The first time I remember having my picture taken at a funeral would have been when I was 6 or 7. A great uncle or distant cousin or something like that had died, and so all the kids were posed around the casket for the pictures. I really had no clue, and since it was a picture, I smiled (it wasn’t a relative that I knew particularly well, so I wasn’t bothered by his death). I bet I was the only one smiling in the pictures.

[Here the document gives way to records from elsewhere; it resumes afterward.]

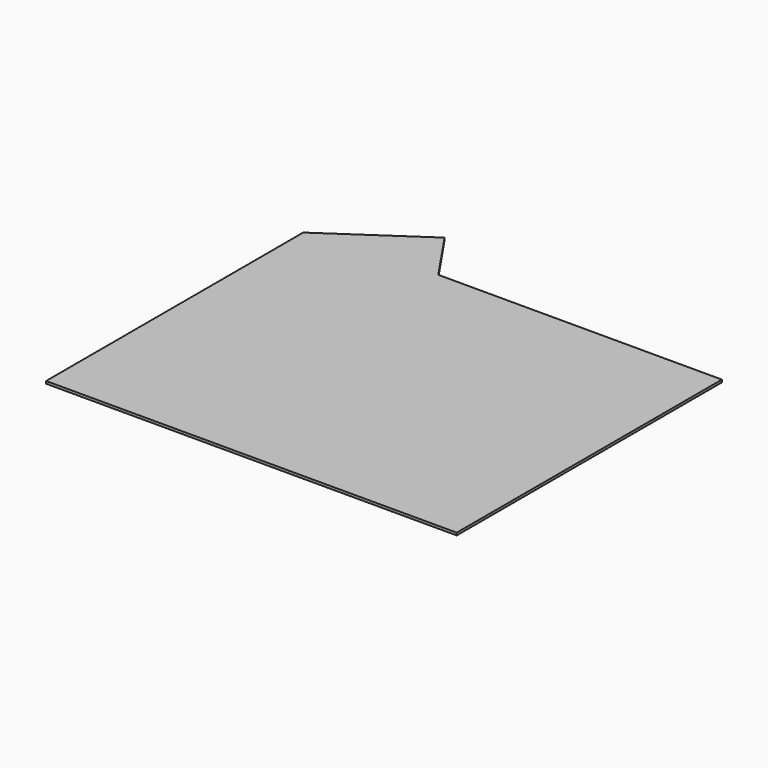
from build123d import *

# Parameters (mm, degrees)
F0_W     = 4216.4
F0_H     = 3403.6
F1_DEPTH = 25.4
F3_DEPTH = 25.4
F5_DEPTH = 25.4


with BuildPart() as f1:
    # F0 (on Top) → F1 (new body)
    with BuildSketch(Plane.XY):
        Rectangle(F0_W, F0_H)
    extrude(amount=F1_DEPTH)

    # F2 (on face) → F3 (join)
    with BuildSketch(Plane.XY.offset(25.4)):
        Polygon((-1168.1525067788, 2237.4002953904), (-1955.8, 1701.8), (-803.9443059133, 1701.8), align=None)
    extrude(amount=-F3_DEPTH)

    # F4 (on face) → F5 (cut)
    with BuildSketch(Plane.XY.offset(25.4)):
        Polygon((-2108.2, 1598.1680001262), (-1955.8, 1701.8), (-2108.2, 1701.8), align=None)
    extrude(amount=-F5_DEPTH, mode=Mode.SUBTRACT)


solid = f1.part

My husband’s brother died earlier this year. His family (his parents, their children and their grandchildren) are rarely together. In fact, I don’t remember any other time that everyone was present at the same event, and I’ve been married for over ten years. They do a wake for 2 or 3 days before the actual funeral (that freaks me out way more than taking pictures of the deceased, but whatever). Anyway, since they were all there, after the actual funeral service, they got together for a family picture of MIL/FIL and all the descendents. Except my oldest son (then 6 years old), had gone to the bathroom. So I told my husband where he was and went to get him. He’s a little kid, so it took him 2 or 3 minutes to come out. I told him to hurry into the hall because they were doing a family picture. He was almost up to the group, when they broke up. I don’t know if my son will ever care, but I was pretty ticked off. Either my husband couldn’t be bothered to let them know that HIS CHILD was not there yet (which is what I suspect), or they couldn’t be bothered to wait. I assumed the whole point of the picture was to have the entire family in it, since the sons & daughters in law were left out.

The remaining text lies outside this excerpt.